The two main solutions for high-end iOS-based broadcasts are Teradek Live:Air and Switcher Studio. There’s another product called SlingStudio (Figure 2, below) that offers much of the same, but also includes a hardware “base” unit that provides many capabilities that are otherwise optional. This external box is your Wi-Fi hub. It is also where you can plug in a hardwired camera and plug in media so you can record directly to flash media. None of these features are included with the other solutions directly. You have to add them on your own, at additional cost, if they are possible at all.

Figure 2. Sling Media’s SlingStudio

Telestream has also introduced Wirecast Go for iOS in both a free and an in-app purchase model. Wirecast Go is designed to push to YouTube or to any manual Real-Time Messaging Protocol (RTMP) destination. It’s built only for phones, not tablets, but I do like the way it lets you manually select layers for different media. Telestream’s website continually references the ability to switch between “shots” but never mentions a second device. “Shots” appears to be cropped frames of what’s in front of the existing camera—i.e., digital zoom. Since it’s not an actual multicamera live switcher, I won’t discuss it in depth this article.

Live:Air and Switcher Studio (Figure 3, below) are two solutions that directly leverage the capabilities of the iOS platform, and you can run them on cell phones or tablets. When going completely mobile, I highly recommend using a tablet for the main mixing surface because of its larger screen real estate. That said, phones make surprisingly good cameras. The thought that I could switch multiple cameras, do video playback, have overlays and lower-third graphics, and push my stream online—all with my phone—is something I would have never thought possible just a few years ago.

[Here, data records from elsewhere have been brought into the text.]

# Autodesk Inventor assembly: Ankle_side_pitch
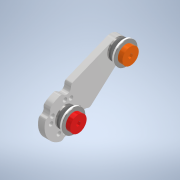
[picture p0: Inventor's stored thumbnail of the model, 180x180]
Saved by Autodesk Inventor 2020.4 (Build 244396000, 396)
## iProperties
Created: 2021-10-01
Part Number: Ankle_side_pitch
Document SubType Name: Assembly
Designer: Masato
Author: Masato
## Documents named in this file (10)
- C:\Users\Masato\Documents\Inventor\CIT Brains_Inventor\SUSTAINA-OP\LowerBody\Ankle\Ankle_side_pitch.iam
- C:\Users\Masato\Documents\Inventor\CIT Brains_Inventor\SUSTAINA-OP\LowerBody\Ankle\Ankle_side_pitch_frame.ipt
- C:\Users\Masato\Documents\Inventor\CIT Brains_Inventor\SUSTAINA-OP\ReadyMade\Bush\80F-0603.ipt
- C:\Users\Masato\Documents\Inventor\CIT Brains_Inventor\SUSTAINA-OP\ReadyMade\InsertNut\S4-05-3W.ipt
- C:\Users\Masato\Documents\Inventor\CIT Brains_Inventor\SUSTAINA-OP\ReadyMade\InsertNut\SF419.ipt
- C:\Users\Masato\Documents\Inventor\CIT Brains_Inventor\SUSTAINA-OP\ReadyMade\Washer\UUW-0412-10H.ipt
- C:\Users\Masato\Documents\Inventor\CIT Brains_Inventor\SUSTAINA-OP\ReadyMade\Washer\UUW-0614-05H.ipt
- C:\Users\Masato\Documents\Inventor\CIT Brains_Inventor\SUSTAINA-OP\ReadyMade\Screw\DBTS4-4.5-5-DHC-LTC_mod.ipt
- C:\Users\Masato\Documents\Inventor\CIT Brains_Inventor\SUSTAINA-OP\ReadyMade\Screw\DBTS4-4.5-5-DHC-LTC.ipt
- C:\Users\Masato\Documents\Inventor\CIT Brains_Inventor\SUSTAINA-OP\ReadyMade\Washer\TT-0814-10.ipt
## Components (13 placed, 9 different names)
1. Ankle_side_pitch_frame:1 — メイト:1, メイト:2, 角度:1, 挿入:1, 角度:2, 挿入:2, 挿入:3, 挿入:4
2. 80F-0603:1 — 挿入:5
3. 80F-0603:2 — 挿入:6
4. SF419:1 — 挿入:1
5. S4-05-3W:1 — 角度:2, 挿入:2
6. UUW-0412-10BH:1 — 挿入:3, 挿入:5, 挿入:7
7. UUW-0412-10BH:2 — 挿入:4, 挿入:6, 挿入:8
8. UUW-0614-05BH:1 — 挿入:9, 挿入:11
9. UUW-0614-05BH:2 — 挿入:10, 挿入:12
10. DBTS4-4.5-5-LTC_mod:1 — 挿入:7, 挿入:9
11. DBTS4-4.5-5-LTC:1 — 挿入:8, 挿入:10
12. TT-0814-10:1 — 挿入:11
13. TT-0814-10:2 — 挿入:12
## Relationships (16: Insert 12, Mate 2, Angle 2)
- メイト:1 [Mate]: Ankle_side_pitch_frame:1
- メイト:2 [Mate]: Ankle_side_pitch_frame:1
- 角度:1 [Angle] (147.9946 deg): Ankle_side_pitch_frame:1
- 挿入:1 [Insert]: Ankle_side_pitch_frame:1 ↔ SF419:1
- 角度:2 [Angle] (0 deg): Ankle_side_pitch_frame:1 ↔ S4-05-3W:1
- 挿入:2 [Insert]: Ankle_side_pitch_frame:1 ↔ S4-05-3W:1
- 挿入:3 [Insert]: Ankle_side_pitch_frame:1 ↔ UUW-0412-10BH:1
- 挿入:4 [Insert]: Ankle_side_pitch_frame:1 ↔ UUW-0412-10BH:2
- 挿入:5 [Insert]: 80F-0603:1 ↔ UUW-0412-10BH:1
- 挿入:6 [Insert]: 80F-0603:2 ↔ UUW-0412-10BH:2
- 挿入:7 [Insert]: UUW-0412-10BH:1 ↔ DBTS4-4.5-5-LTC_mod:1
- 挿入:8 [Insert]: UUW-0412-10BH:2 ↔ DBTS4-4.5-5-LTC:1
- 挿入:9 [Insert]: UUW-0614-05BH:1 ↔ DBTS4-4.5-5-LTC_mod:1
- 挿入:10 [Insert]: UUW-0614-05BH:2 ↔ DBTS4-4.5-5-LTC:1
- 挿入:11 [Insert]: UUW-0614-05BH:1 ↔ TT-0814-10:1
- 挿入:12 [Insert]: UUW-0614-05BH:2 ↔ TT-0814-10:2

Figure 3. Switching a live event with Switcher Studio

Of course, it’s tempting to use your phone because it’s essentially free. You already have it. Camcorders, cameras, and lenses all require additional investment, come with varying learning curves, and—most of all—take up space in your traveling kit. The downside of relying on your phone for the same task is that it already does so many things. And each of those things takes a bit of processing power, which leaves less for the heavy lifting of processing HD video, doing overlays and transparency, and compressing for your delivery network—not to mention the streaming traffic of pushing an HD video feed across data.

Moreover, instant messages, texts, alerts, phone calls, pop-ups, overlays, and all that can literally stop your live broadcast cold by pushing it into the background. If you have no other choice, set your phone to “Do not Disturb” and disable as much as possible. If you can afford a dedicated device—even a used one—that’s the better way to go. Load only the video app on it. Use it for nothing else. You’ll be a lot happier.